I believe the E denotes tinted glass, 2E means it had AC. Don't quote me on this.
If the B denotes its a 3 speed, by assumption>>
It has tinted glass on all windows, with AC and a 3 speed, the #2, was the second option group
E 2EB...... Tinted glass, second option group, AC with a 3 speed. Randy will know for sure.


----------



## Eric Animal (Oct 28, 2007)

I don't THINK you could get a 3.55 rear with A/C unless it was dealer installed......ask Randy.


----------



## geeteeohguy (Feb 2, 2008)

3.23 was as steep a gear as you could get with AC in '67 from the factory. As for the rest, yeah, ask RANDY!!!


----------



## 67GTOfan (Jan 2, 2011)

Thanks for the help. How do I cantact Randy? I'm new to using the forum.


----------



## 05GTO (Oct 6, 2004)

67GTOfan said:


> I'm looking for clarification on some conflicting info. The seller supplied PHS documents for a 1967 GTO show the car as a factory four speed. However, line 4 on the trim tag is: E 2EB. Though information is scarce, I did find one website that states that the B in the second acc. group (2EB) is for a three speed floor shift. Also, the PHS shows the gear ratio as 3.55 but from what I can learn, this car came with standard 3.23 or optional 3.08 ratio. It is a 335h.p. manual car with A/C. Thanks for any help.

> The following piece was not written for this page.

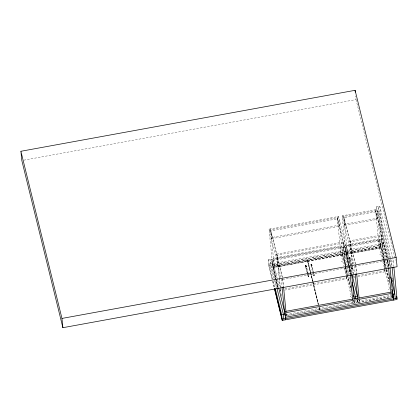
<?xml version="1.0" encoding="UTF-8"?>
<svg xmlns="http://www.w3.org/2000/svg" width="418" height="418" viewBox="0 0 418 418"><rect width="100%" height="100%" fill="white"/><g stroke="black" fill="none" stroke-linecap="round" stroke-linejoin="round"><path stroke-width="0.31" stroke-dasharray="2.09 1.57" d="M305.741 267.186C304.91 265.843 307.011 265.477 306.53 267.039M306.446 266.188L306.122 266.564L305.657 266.329M311.253 266.177C310.422 264.84 312.518 264.469 312.042 266.036M311.959 265.179L311.635 265.555L311.164 265.325M349.547 259.191C348.722 257.854 350.817 257.483 350.336 259.05M350.253 258.193L349.934 258.57L349.464 258.34M313.787 272.844L311.703 264.354L310.987 264.249L310.746 264.531L313.422 275.441L314.383 275.269L313.5 275.525M313.526 275.514L314.279 275.462M349.683 257.195L349.04 257.545L351.125 266.031M351.883 268.602L351.94 268.241L352.677 268.283L351.794 268.544L352.677 268.283L352.233 266.465M310.851 264.338C313.38 264.427 309.215 264.573 311.447 264.228M349.145 257.352L349.537 257.655L349.835 257.227M352.573 268.476L351.721 268.455L351.272 266.637M308.275 273.847L306.19 265.362L305.474 265.258L305.234 265.534L308.076 276.591L308.134 276.235L308.871 276.272L308.427 274.454M305.453 265.325C307.512 264.871 303.693 266.198 306.028 265.216M349.479 257.206L349.093 257.436L349.997 257.368L352.081 265.858M308.395 276.282L308.014 276.517L308.818 276.382L308.395 276.282L307.935 273.936M308.646 276.486L308.17 276.575M23.748 160.183L356.026 99.573L355.655 95.868M376.775 211.471L378.515 211.153L391.99 266L390.245 266.318L376.775 211.471L376.315 206.842L379.795 206.205L392.648 258.533M350.556 286.962L342.358 253.48L272.735 266.182L269.035 229.142L338.658 216.44L350.54 264.808M350.911 274.297L345.973 254.196L342.143 215.803L376.952 209.455L380.652 246.495L345.843 252.843L348.925 265.409M271.648 238.673L338.329 226.504L337.556 218.792L270.874 230.955L271.648 238.673L271.376 237.565L338.058 225.401L338.329 226.504M344.751 225.333L376.623 219.523L375.85 211.806L343.983 217.616L344.751 225.333L344.479 224.231L376.352 218.415L376.623 219.523M280.159 287.14L276.852 254.055L342.953 242.001L345.493 265.806M352.29 264.071L349.96 240.721L381.247 235.015L383.917 260.116M279.391 277.865L277.124 255.163L343.225 243.104M352.499 264.526L350.232 241.823L381.519 236.118M271.998 278.796L268.748 265.555L268.168 259.766L271.648 259.134L278.618 287.5M389.283 282.427L380.145 245.235L379.57 239.446L381.31 239.127L388.28 267.499M271.669 259.327L379.586 239.639L379.91 240.946L380.354 245.382L272.431 265.069L271.987 260.628L379.91 240.946M273.706 259.301L340.388 247.137L340.116 246.03L273.435 258.193L274.474 267.018L341.161 254.849L340.388 247.137M346.815 245.962L378.682 240.151L378.41 239.044L346.543 244.859L347.583 253.679L379.455 247.869L378.682 240.151M268.748 265.555L383.63 244.598L379.795 206.205M278.048 287.992L272.954 266.569L307.476 260.268L318.364 304.607M310.527 272.139L307.763 260.215L342.285 253.919L351.157 290.024M273.069 267.724L307.591 261.428L307.476 260.268M307.883 261.375L342.405 255.074L342.285 253.919M380.693 248.088L346.177 254.39L346.062 253.23L380.579 246.933L383.651 260.127M349.474 267.311L282.793 279.475L270.603 229.848L337.284 217.684L349.014 265.425M390.245 266.318L389.785 261.689L393.265 261.057L392.8 259.165M279.454 278.513L280.687 290.839L280.415 289.731L281.701 289.502M284.909 288.916L346.517 277.677L346.323 275.728M354.798 276.162L353.524 276.397L352.552 266.668M357.991 275.582L384.811 270.692L383.839 260.957M284.538 290.134L346.788 278.78L346.465 275.535M355.07 277.27L353.795 277.5L353.471 274.26M357.625 276.805L385.082 271.794L384.889 269.845M286.121 314.435L352.808 302.266M285.933 313.652L286.393 315.538L354.548 303.102M392.842 296.116L358.027 302.47L357.568 300.584M286.225 315.762L392.079 296.456M313.683 275.566L314.383 275.269L313.939 273.45M352.238 268.617L349.5 257.263M311.185 264.192L313.939 275.603M305.673 265.2L306.054 266.715L305.976 265.952M308.432 276.611L305.704 265.524M356.026 99.573L395.527 260.393M376.315 206.842L389.163 259.165M389.32 259.797L389.785 261.689M387.361 258.089L375.484 209.721L379.183 246.761L389.827 290.108M387.152 257.812L375.578 210.698L343.711 216.514L355.284 263.627M387.073 257.943L383.515 243.438L268.633 264.395L272.191 278.895M387.695 260.461L389.242 266.768M391.875 277.484L392.34 279.376M392.492 280.008L392.957 281.899M383.63 244.598L386.88 257.838M387.502 260.357L389.205 267.295M391.833 278.012L392.147 279.271M392.298 279.903L392.763 281.795M387.658 267.713L381.77 243.757L378.055 206.523L391.525 261.37L392.037 266.506M379.57 239.446L384.523 259.62M384.68 260.252L386.849 269.077M387 269.704L388.703 276.643M380.03 244.075L383.902 259.834M384.058 260.466L386.227 269.291M386.363 269.735L389.012 280.64M383.808 260.759L385.83 268.993M385.986 269.626L389.252 282.929M390.752 293.875L391.373 296.388L391.175 294.439M384.811 270.692L385.082 271.794M349.96 240.721L350.232 241.823M355.493 263.904L343.612 215.536L347.311 252.576L352.557 273.931M355.629 265.033L355.901 266.135L387.768 260.325L387.496 259.223L388.332 267.593M342.143 215.803L354.02 264.171M358.884 299.69L359.501 302.198L359.24 299.601M352.034 274.501L345.242 246.866L341.762 247.498L346.235 265.717M349.072 265.075L337.19 216.707L340.889 253.747L343.821 265.681M349.171 265.9L351.193 274.135M357.73 300.735L358.195 302.637M349.082 266.036L351.089 274.203M345.858 253.036L351.104 274.396M357.432 300.15L358.153 303.16M357.395 300.678L358.012 303.191M343.502 247.184L347.98 265.399M348.131 266.026L350.138 274.192M344.118 253.355L347.358 266.548M347.515 267.175L349.213 274.083M355.843 301.096L356.308 302.977L356.126 301.127M346.391 266.344L350.096 281.418M353.952 300.782L354.568 303.296L354.323 300.829M353.759 300.683L354.683 304.456M342.405 255.074L345.049 265.843M345.2 266.475L347.227 274.71M347.379 275.347L351.115 290.547M353.602 300.683L354.38 303.849M344.437 268.194L346.135 275.107M346.287 275.734L351.69 297.72M352.614 301.488L353.079 303.374L352.881 301.425M346.517 277.677L346.788 278.78M307.763 260.215L318.657 304.555M319.279 307.089L319.901 309.623M310.684 272.776L312.706 281.011M312.857 281.643L318.459 304.445M319.237 307.611L319.859 310.146M319.143 307.773L319.608 309.675M307.591 261.428L310.234 272.196M310.391 272.829L312.413 281.063M312.57 281.695L318.171 304.497M318.95 307.664L319.571 310.198M307.862 274.093L306.122 266.564M276.852 254.055L277.124 255.163M269.035 229.142L281.225 278.764L282.004 286.56M277.599 279.731L274.208 265.911L270.503 228.871L282.693 278.498L283.54 286.941M277.756 280.358L279.454 287.27M280.07 289.784L280.995 293.551M281.147 294.178L281.92 297.318M272.954 266.569L278.09 287.469M272.113 263.763L277.996 287.72M277.803 287.615L272.228 264.918L271.648 259.134M274.553 278.362L269.908 259.447L270.373 264.082L276.256 288.033M275.175 280.886L276.878 287.819M268.168 259.766L275.138 288.138M272.813 281.418L274.36 287.725M272.62 281.314L274.166 287.621M393.265 261.057L393.777 266.188M389.21 259.73L389.921 266.877M387.737 259.996L388.515 267.792M390.971 293.995L391.102 295.28L359.229 301.096L359.099 299.81M383.98 260.764L384.826 269.197M381.247 235.015L383.583 258.366M355.802 265.158L356.606 273.22M355.692 265.676L356.465 273.403M354.396 266.078L355.107 273.226M357.803 300.192L358.163 303.818M352.562 265.179L353.403 273.607M351.742 265.947L351.82 266.71M350.916 266.715L351.695 274.511M349.934 258.57L350.007 259.332M349.782 257.963L349.861 258.726M349.38 266.334L350.185 274.391M349.202 266.209L350.038 274.579M345.561 266.454L346.402 274.887M342.953 242.001L346.261 275.081M338.658 216.44L342.494 254.828M313.448 272.928L313.526 273.696M311.635 265.555L311.713 266.318M311.488 264.949L311.562 265.712M286.199 313.589L286.393 315.538M282.584 279.015L283.357 286.743M280.222 287.788L280.415 289.731M276.627 273.085L277.077 273.137L276.627 273.085M341.6 261.229L342.049 261.287L341.6 261.229M350.31 296.707L350.765 296.759L350.31 296.707M379.894 254.249L380.343 254.301L379.894 254.249M388.604 289.721L389.059 289.773L388.604 289.721M380.673 246.688L272.755 266.376L272.87 267.53L380.788 247.843L380.673 246.688"/><path stroke-width="0.63" d="M20.9 151.274L355.101 90.309L396.159 257.467L397.084 266.726L62.883 327.691L21.825 160.533L20.9 151.274L61.958 318.427L62.883 327.691M61.958 318.427L396.159 257.467M284.501 311.562L392.418 291.874L392.737 293.18L393.181 297.616L285.264 317.304M392.737 293.18L284.82 312.868L285.139 316.034M393.845 266.83L397.1 299.445L282.218 320.402L281.638 314.613L285.123 313.981L278.775 288.133M393.62 300.082L393.04 294.293L394.78 293.974L390.6 276.951M396.52 296.399L396.985 298.29L282.103 319.242L274.516 288.352M391.802 289.251L393.04 294.293M392.727 295.772L393.505 298.922M392.69 296.299L392.998 297.559M352.186 275.133L357.432 296.487L353.952 297.125L353.487 295.239M352.144 282.359L355.875 298.656M285.275 317.351L285.583 318.61M277.029 288.451L283.383 314.299L283.843 318.929M275.29 288.765L281.638 314.613M274.474 288.88L282.218 320.402M392.1 267.149L395.245 298.604M389.989 267.525L392.455 292.219M392.711 294.821L392.977 297.47M392.716 296.336L392.831 297.496M388.541 268.053L390.987 292.522M355.101 90.309L355.284 92.164M356.669 273.863L359.114 298.337M355.175 273.874L357.641 298.572M351.695 274.511L354.161 299.204M350.221 274.778L352.693 299.507M283.566 287.203L286.006 311.671M285.123 313.981L285.698 319.765M282.066 287.213L284.533 311.906"/></g></svg>

Welcome to the forum, Verify the VIN tag and data plate are from the same plant and attached with the correct rivets, sounds like they don't match. Also, check the car's billing date on the PHS against the build date on the Date Plate.

Check a few other numbers, if it is a late year 67 the VIN number should be on the front of the block by the timing chain cover, early 67 will have an engine unit number stamped with the block letter code. That engine unit number will be listed on the PHS billing history.


----------



## 67GTOfan (Jan 2, 2011)

The data plate and the vin agree that the car was built in Kansas. I checked the appearance of the rivets against a 67 Malibu that I own, and the GTO rivets look identical to my Malibu. Also, the invoice date on the billing history is 03/29/7 which agree's with the data plate date of 03D. So far, everything lines up, except for the PHS that states that the car is a factory 4 speed, and the trim tag accessory code(E 2EB) which would indicate that the car is a 3 speed manual. One last note, the billing history engine unit # is 054942 but the block is stamped 454942. Any help is appreciated. Trying to solve all of this so I can make an offer on the car. Thanks....


----------



## 05GTO (Oct 6, 2004)

I would trust the PHS, most of the web sites listing Accessory code information for the 67 reference the codes from the Pontiac Plant. The Kansas City and Pontiac plants were similar but some differences in codes have been noted over the years. California used UPC codes, Baltimore did not use a coding system. The engine appears to be numbers matching, which is somewhat rare. 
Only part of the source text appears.